A Fault Tolerance Protocol for Fast Recovery
Publication Type: PhD Thesis
Repository URL: sayantan-thesis
Large machines with tens or even hundreds of thousands of processors are currently in use. As the number of components increases, the mean time between failure will decrease further. Fault tolerance is an important issue for these and the even larger machines of the future. This is borne out by the significant amount of work in the field of fault tolerance for parallel computing. However, recovery-time after a crash in all current fault tolerance protocols is no smaller than the time between the last checkpoint and the crash. This wastes valuable computation time as all the remaining processors wait for the crashed processors to recover.
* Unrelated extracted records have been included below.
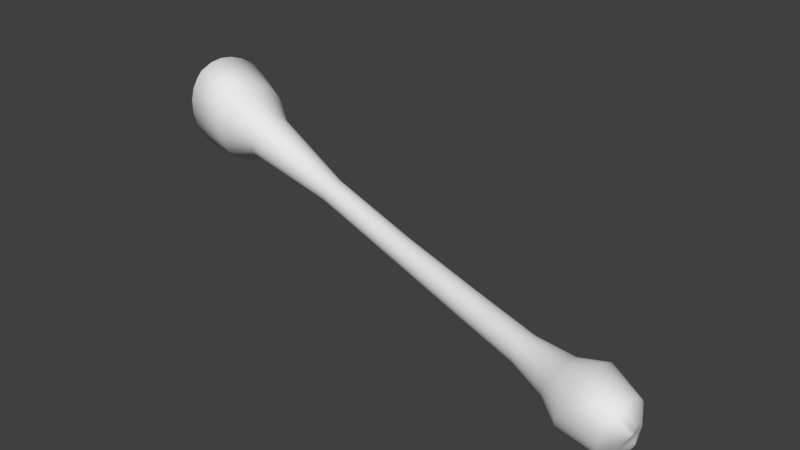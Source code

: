 # Source: bone.blend  (saved by Blender 2.76.0; exported with 4.5.12 LTS)
import bpy
from mathutils import Matrix  # noqa: F401  (used for matrix-valued properties, if any)

bpy.ops.wm.read_factory_settings(use_empty=True)
scene = bpy.context.scene
scene.name = 'Scene'

# ---- collections
col_collection_1 = bpy.data.collections.new('Collection 1'); scene.collection.children.link(col_collection_1)

# ---- world
world_world = bpy.data.worlds.new('World'); scene.world = world_world
world_world.color = (0.05088, 0.05088, 0.05088)
world_world.use_sun_shadow = False
world_world.sun_shadow_jitter_overblur = 0.0
world_world.cycles.sampling_method = 'MANUAL'
world_world.cycles.sample_map_resolution = 256

# ---- meshes
me_circle = bpy.data.meshes.new('Circle')
me_circle.from_pydata([(0.2987, -0.09662, -0.06773), (0.2974, -0.09149, -0.07355), (0.2967, -0.0851, -0.07808), (0.2966, -0.07782, -0.08104), (0.2971, -0.07007, -0.08226), (0.2982, -0.0623, -0.08167), (0.2997, -0.05497, -0.07931), (0.3017, -0.0485, -0.07531), (0.304, -0.04326, -0.06991), (0.3064, -0.03956, -0.06342), (0.3089, -0.03762, -0.05621), (0.3112, -0.03755, -0.04871), (0.3133, -0.03935, -0.04135), (0.3151, -0.04292, -0.03456), (0.3163, -0.04805, -0.02873), (0.317, -0.05444, -0.0242), (0.3171, -0.06172, -0.02124), (0.3166, -0.06947, -0.02002), (0.3155, -0.07724, -0.02061), (0.314, -0.08457, -0.02297), (0.312, -0.09104, -0.02697), (0.3097, -0.09628, -0.03237), (0.3073, -0.09998, -0.03886), (0.3048, -0.1019, -0.04607), (0.3025, -0.102, -0.05357), (0.3004, -0.1002, -0.06093), (0.2406, -0.07399, -0.05566), (0.2402, -0.07053, -0.0598), (0.2402, -0.0662, -0.06304), (0.2406, -0.06125, -0.06519), (0.2412, -0.05596, -0.06612), (0.2422, -0.05065, -0.06578), (0.2434, -0.04562, -0.06418), (0.2448, -0.04117, -0.06143), (0.2462, -0.03755, -0.05768), (0.2477, -0.03498, -0.05315), (0.249, -0.03359, -0.04811), (0.2502, -0.03349, -0.04283), (0.2512, -0.03466, -0.03764), (0.2519, -0.03704, -0.03284), (0.2522, -0.0405, -0.0287), (0.2522, -0.04483, -0.02546), (0.2519, -0.04978, -0.02331), (0.2512, -0.05506, -0.02238), (0.2502, -0.06037, -0.02272), (0.249, -0.0654, -0.02431), (0.2477, -0.06986, -0.02706), (0.2462, -0.07348, -0.03081), (0.2448, -0.07605, -0.03534), (0.2434, -0.07743, -0.04039), (0.2422, -0.07754, -0.04566), (0.2413, -0.07637, -0.05085), (0.1318, -0.04581, -0.04274), (0.132, -0.04895, -0.03891), (0.132, -0.04186, -0.04575), (0.1325, -0.03734, -0.04775), (0.1332, -0.03251, -0.04863), (0.1342, -0.02764, -0.04834), (0.1353, -0.02304, -0.04688), (0.1365, -0.01895, -0.04436), (0.1378, -0.01562, -0.04091), (0.1391, -0.01324, -0.03673), (0.1402, -0.01195, -0.03207), (0.1412, -0.01182, -0.0272), (0.1419, -0.01287, -0.0224), (0.1424, -0.01503, -0.01795), (0.1425, -0.01817, -0.01412), (0.1423, -0.02212, -0.01111), (0.1419, -0.02664, -0.009106), (0.1412, -0.03147, -0.008229), (0.1402, -0.03634, -0.008525), (0.1391, -0.04095, -0.009978), (0.1378, -0.04503, -0.0125), (0.1365, -0.04837, -0.01595), (0.1353, -0.05074, -0.02013), (0.1341, -0.05203, -0.02479), (0.1332, -0.05216, -0.02966), (0.1324, -0.05111, -0.03446), (0.001657, -0.01879, -0.01862), (0.001918, -0.02167, -0.01515), (0.001686, -0.01517, -0.02133), (0.002001, -0.01104, -0.02313), (0.002586, -0.006623, -0.02392), (0.003406, -0.002186, -0.02364), (0.004414, 0.002016, -0.02231), (0.005551, 0.005738, -0.02001), (0.00675, 0.008766, -0.01687), (0.007943, 0.01092, -0.01308), (0.00906, 0.01208, -0.008857), (0.01004, 0.01218, -0.004443), (0.01081, 0.0112, -9.797e-05), (0.01135, 0.009214, 0.003927), (0.01161, 0.006328, 0.007398), (0.01158, 0.002714, 0.01011), (0.01127, -0.001421, 0.01191), (0.01068, -0.005835, 0.0127), (0.00986, -0.01027, 0.01241), (0.008852, -0.01447, 0.01109), (0.007716, -0.0182, 0.008787), (0.006516, -0.02122, 0.005651), (0.005323, -0.02338, 0.00186), (0.004207, -0.02454, -0.002365), (0.003231, -0.02463, -0.006778), (0.002453, -0.02366, -0.01112), (-0.1463, 0.005347, 0.01508), (-0.1459, 0.002442, 0.01852), (-0.1463, 0.008982, 0.01239), (-0.1461, 0.01313, 0.01061), (-0.1456, 0.01756, 0.00985), (-0.1449, 0.02201, 0.01015), (-0.1439, 0.02622, 0.01148), (-0.1428, 0.02994, 0.01378), (-0.1415, 0.03296, 0.01691), (-0.1403, 0.03511, 0.02069), (-0.1391, 0.03625, 0.02489), (-0.138, 0.03633, 0.02928), (-0.1371, 0.03534, 0.0336), (-0.1364, 0.03333, 0.03759), (-0.1361, 0.03042, 0.04104), (-0.136, 0.02679, 0.04372), (-0.1362, 0.02264, 0.0455), (-0.1367, 0.01821, 0.04626), (-0.1374, 0.01376, 0.04597), (-0.1384, 0.009554, 0.04463), (-0.1395, 0.005831, 0.04233), (-0.1408, 0.002808, 0.0392), (-0.142, 0.0006622, 0.03543), (-0.1432, -0.000483, 0.03122), (-0.1443, -0.0005608, 0.02683), (-0.1452, 0.0004333, 0.02251), (-0.2982, 0.01571, 0.0428), (-0.2978, 0.01036, 0.0493), (-0.298, 0.02243, 0.03771), (-0.2973, 0.03012, 0.03433), (-0.2961, 0.03833, 0.03285), (-0.2945, 0.04659, 0.03336), (-0.2926, 0.05441, 0.03583), (-0.2905, 0.06135, 0.04012), (-0.2883, 0.067, 0.04597), (-0.2861, 0.07103, 0.05305), (-0.2841, 0.07321, 0.06094), (-0.2824, 0.0734, 0.06919), (-0.2811, 0.07161, 0.07732), (-0.2802, 0.06793, 0.08485), (-0.2799, 0.06258, 0.09135), (-0.2801, 0.05586, 0.09644), (-0.2808, 0.04817, 0.09982), (-0.282, 0.03996, 0.1013), (-0.2835, 0.0317, 0.1008), (-0.2855, 0.02388, 0.09832), (-0.2876, 0.01694, 0.09403), (-0.2898, 0.01129, 0.08818), (-0.2919, 0.007259, 0.0811), (-0.2939, 0.005082, 0.07321), (-0.2956, 0.004885, 0.06495), (-0.2969, 0.006679, 0.05683), (-0.3923, 0.008301, 0.04085), (-0.3937, -0.00452, 0.05846), (-0.3903, 0.0236, 0.02625), (-0.3802, 0.07491, 0.007765), (-0.3761, 0.09048, 0.01122), (-0.3712, 0.1067, 0.02125), (-0.3683, 0.1138, 0.03181), (-0.365, 0.1203, 0.04773), (-0.3602, 0.1053, 0.1263), (-0.361, 0.09231, 0.1438), (-0.3771, 0.01011, 0.1734), (-0.3821, -0.006121, 0.1634), (-0.3849, -0.01325, 0.1528), (-0.4077, 0.0411, 0.07343), (-0.4055, 0.03531, 0.08024), (-0.4107, 0.04804, 0.06797), (-0.4136, 0.05564, 0.06403), (-0.4154, 0.06357, 0.06125), (-0.4161, 0.07109, 0.06023), (-0.416, 0.07764, 0.06143), (-0.4142, 0.08373, 0.06566), (-0.4119, 0.08591, 0.07006), (-0.4082, 0.08743, 0.07658), (-0.4036, 0.08731, 0.08365), (-0.399, 0.08558, 0.0911), (-0.395, 0.08227, 0.09879), (-0.3924, 0.07771, 0.1064), (-0.3923, 0.07238, 0.1135), (-0.3939, 0.06582, 0.1205), (-0.3995, 0.06022, 0.1255), (-0.4038, 0.05387, 0.1287), (-0.407, 0.04742, 0.1299), (-0.4097, 0.04155, 0.129), (-0.412, 0.03544, 0.125), (-0.4122, 0.03267, 0.1205), (-0.4116, 0.03, 0.1137), (-0.4091, 0.02844, 0.1059), (-0.4055, 0.02827, 0.09742), (-0.405, 0.03121, 0.08811), (-0.3198, 0.03742, 0.1451), (-0.3224, 0.02303, 0.1458), (-0.3228, 0.1044, 0.05826), (-0.3201, 0.103, 0.07449), (-0.344, -0.01155, 0.06448), (-0.3453, -0.003483, 0.04883), (-0.3441, 0.03439, 0.01503), (-0.3422, 0.04912, 0.01034), (-0.3256, 0.00981, 0.1426), (-0.318, 0.09809, 0.09092), (-0.3395, 0.06351, 0.009569), (-0.329, -0.00146, 0.1357), (-0.3167, 0.09002, 0.1066), (-0.3364, 0.07673, 0.01276), (-0.3326, -0.01013, 0.1254), (-0.3162, 0.07924, 0.1206), (-0.333, 0.088, 0.01972), (-0.336, -0.0157, 0.1123), (-0.3166, 0.06636, 0.132), (-0.3294, 0.09667, 0.03005), (-0.3392, -0.01784, 0.09715), (-0.3457, 0.0073, 0.03485), (-0.3178, 0.05215, 0.1404), (-0.3259, 0.1022, 0.04315), (-0.3419, -0.01643, 0.08091), (-0.3454, 0.02017, 0.02336), (0.3358, -0.1247, -0.07592), (0.3338, -0.1168, -0.08496), (0.3328, -0.1068, -0.09198), (0.3326, -0.09555, -0.09657), (0.3334, -0.08353, -0.09847), (0.335, -0.07148, -0.09756), (0.3374, -0.0601, -0.0939), (0.3405, -0.05006, -0.08769), (0.344, -0.04193, -0.07931), (0.3478, -0.0362, -0.06924), (0.3516, -0.03319, -0.05806), (0.3553, -0.03307, -0.04642), (0.3585, -0.03587, -0.035), (0.3612, -0.0414, -0.02446), (0.3631, -0.04936, -0.01542), (0.3642, -0.05927, -0.0084), (0.3643, -0.07057, -0.003808), (0.3636, -0.08259, -0.001912), (0.3619, -0.09464, -0.002822), (0.3595, -0.106, -0.006484), (0.3564, -0.1161, -0.01269), (0.3529, -0.1242, -0.02107), (0.3491, -0.1299, -0.03114), (0.3453, -0.1329, -0.04233), (0.3417, -0.133, -0.05396), (0.3384, -0.1303, -0.06538), (0.3899, -0.1215, -0.08801), (0.3877, -0.1131, -0.09818), (0.3862, -0.1033, -0.1066), (0.3855, -0.09261, -0.1127), (0.3856, -0.08165, -0.1162), (0.3866, -0.07108, -0.1168), (0.3884, -0.06151, -0.1146), (0.3908, -0.0535, -0.1097), (0.3938, -0.04751, -0.1023), (0.3972, -0.04389, -0.09285), (0.4007, -0.04284, -0.08195), (0.4041, -0.04444, -0.07021), (0.4074, -0.04859, -0.05832), (0.4102, -0.05504, -0.04695), (0.4124, -0.06343, -0.03678), (0.4139, -0.07326, -0.02839), (0.4146, -0.08396, -0.02228), (0.4145, -0.09492, -0.01879), (0.4135, -0.1055, -0.01813), (0.4117, -0.1151, -0.02034), (0.4093, -0.1231, -0.02529), (0.4063, -0.1291, -0.03269), (0.403, -0.1327, -0.04212), (0.3994, -0.1337, -0.05302), (0.396, -0.1321, -0.06475), (0.3927, -0.128, -0.07665), (0.4102, -0.1058, -0.08262), (0.4092, -0.1021, -0.08695), (0.4088, -0.09769, -0.09055), (0.4097, -0.09284, -0.09349), (0.4114, -0.08781, -0.0954), (0.4132, -0.0829, -0.09596), (0.4147, -0.07835, -0.09496), (0.4153, -0.07442, -0.09234), (0.4154, -0.07137, -0.08837), (0.4154, -0.06937, -0.08348), (0.4159, -0.06857, -0.07811), (0.4172, -0.06902, -0.07273), (0.4187, -0.07068, -0.06753), (0.42, -0.07341, -0.06263), (0.421, -0.07707, -0.05831), (0.4216, -0.08144, -0.05481), (0.4224, -0.08643, -0.05243), (0.4236, -0.09178, -0.0513), (0.4247, -0.09709, -0.05146), (0.4252, -0.102, -0.05284), (0.4246, -0.106, -0.05531), (0.4226, -0.1089, -0.0587), (0.4197, -0.1105, -0.06284), (0.4163, -0.1109, -0.06753), (0.4134, -0.1102, -0.07257), (0.4115, -0.1085, -0.07772), (-0.3875, 0.04047, 0.01551), (-0.384, 0.05791, 0.009221), (-0.3624, 0.1226, 0.06625), (-0.3606, 0.1208, 0.08629), (-0.3598, 0.1149, 0.1067), (-0.363, 0.07699, 0.1584), (-0.3658, 0.06012, 0.1691), (-0.3692, 0.04268, 0.1754), (-0.373, 0.02568, 0.1769), (-0.3882, -0.01968, 0.1369), (-0.3908, -0.02205, 0.1184), (-0.3926, -0.02021, 0.09836), (-0.3935, -0.01427, 0.07798), (-0.4122, 0.07314, 0.06893), (-0.4129, 0.07429, 0.0669), (-0.4078, 0.04275, 0.1259), (-0.4141, 0.07588, 0.06418), (-0.4091, 0.06903, 0.07567), (-0.4028, 0.04827, 0.1136), (-0.4008, 0.05193, 0.1057), (-0.4055, 0.04489, 0.121), (-0.4006, 0.05801, 0.09355), (-0.4013, 0.04971, 0.1102), (-0.4146, 0.07646, 0.0632), (-0.4041, 0.04659, 0.1172), (-0.4083, 0.04232, 0.1269), (-0.4003, 0.05604, 0.09734), (-0.4063, 0.04401, 0.1229), (-0.4019, 0.06023, 0.08977), (-0.4056, 0.06483, 0.08235), (-0.4107, 0.07106, 0.07238), (-0.4074, 0.06692, 0.07903), (-0.4034, 0.06248, 0.086), (-0.4002, 0.05392, 0.1015), (0.4176, -0.09205, -0.07048), (0.4239, -0.1026, -0.0594), (0.4161, -0.08821, -0.07481), (0.4162, -0.0797, -0.08588), (0.4167, -0.09007, -0.07265), (0.4231, -0.101, -0.06119), (0.4161, -0.08127, -0.0838), (0.4244, -0.1044, -0.05738), (0.4224, -0.09966, -0.06261), (0.416, -0.07715, -0.08913), (0.4158, -0.08635, -0.0771), (0.4212, -0.09773, -0.0646), (0.4246, -0.1052, -0.05637), (0.4158, -0.07584, -0.09073), (0.4158, -0.08443, -0.07959), (0.42, -0.09602, -0.06635), (0.4162, -0.07843, -0.08753), (0.4156, -0.07536, -0.09128), (0.4159, -0.08283, -0.08172), (0.4187, -0.09396, -0.06846), (0.4242, -0.1035, -0.05838), (-0.4023, 0.03069, 0.04085), (-0.4015, 0.008011, 0.06478), (-0.3934, 0.0238, 0.1566), (-0.3992, 0.07326, 0.02787), (-0.3977, 0.01047, 0.1482), (-0.3737, 0.09873, 0.1208), (-0.3966, 0.08622, 0.03098), (-0.3996, 0.004378, 0.1396), (-0.3741, 0.08867, 0.1341), (-0.3926, 0.09954, 0.03946), (-0.3895, 0.1053, 0.04804), (-0.402, 0.01825, 0.05156), (-0.3855, 0.1105, 0.06078), (-0.4022, 0.04456, 0.03319), (-0.3853, 0.05, 0.1586), (-0.3895, 0.03639, 0.1596), (-0.3813, 0.1124, 0.07514), (-0.3777, 0.111, 0.09044), (-0.4011, 0.0005871, 0.07975), (-0.4012, 0.05908, 0.0287), (-0.375, 0.1063, 0.1059), (-0.4013, -0.001423, 0.1267), (-0.3762, 0.07643, 0.1457), (-0.4016, -0.004274, 0.112), (-0.3809, 0.06366, 0.1539), (-0.4008, -0.003907, 0.09612)], [], [(7, 33, 34, 8), (22, 48, 49, 23), (0, 26, 27, 1), (15, 41, 42, 16), (8, 34, 35, 9), (23, 49, 50, 24), (1, 27, 28, 2), (16, 42, 43, 17), (9, 35, 36, 10), (24, 50, 51, 25), (2, 28, 29, 3), (17, 43, 44, 18), (10, 36, 37, 11), (25, 51, 26, 0), (3, 29, 30, 4), (18, 44, 45, 19), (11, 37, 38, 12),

This thesis presents research aimed at developing a fault tolerant protocol that is relevant in the context of parallel computing and provides fast restarts. We propose to combine the ideas of message logging and object based virtualization. We leverage the facts that message logging based protocols do not require all processors to rollback when one processor crashes and that object based virtualization allows work to be moved from one processor to another. We develop a message logging protocol that operates in conjunction with object based virtualization. We evaluate and study the implementation of our protocol in the Charm++/AMPI run-time. We use benchmarks and real world applications to investigate and improve the performance of different aspects of our protocol. We also modify the load balancing framework of the Charm++ run-time to work with the message logging protocol. We show that in the presence of faults, an application using our fault tolerance protocol takes less time to complete than a traditional checkpoint based protocol.
Sayantan Chakravorty, A Fault Tolerance Protocol for Fast Recovery, Dept. of Computer Science, University of Illinois. 2008.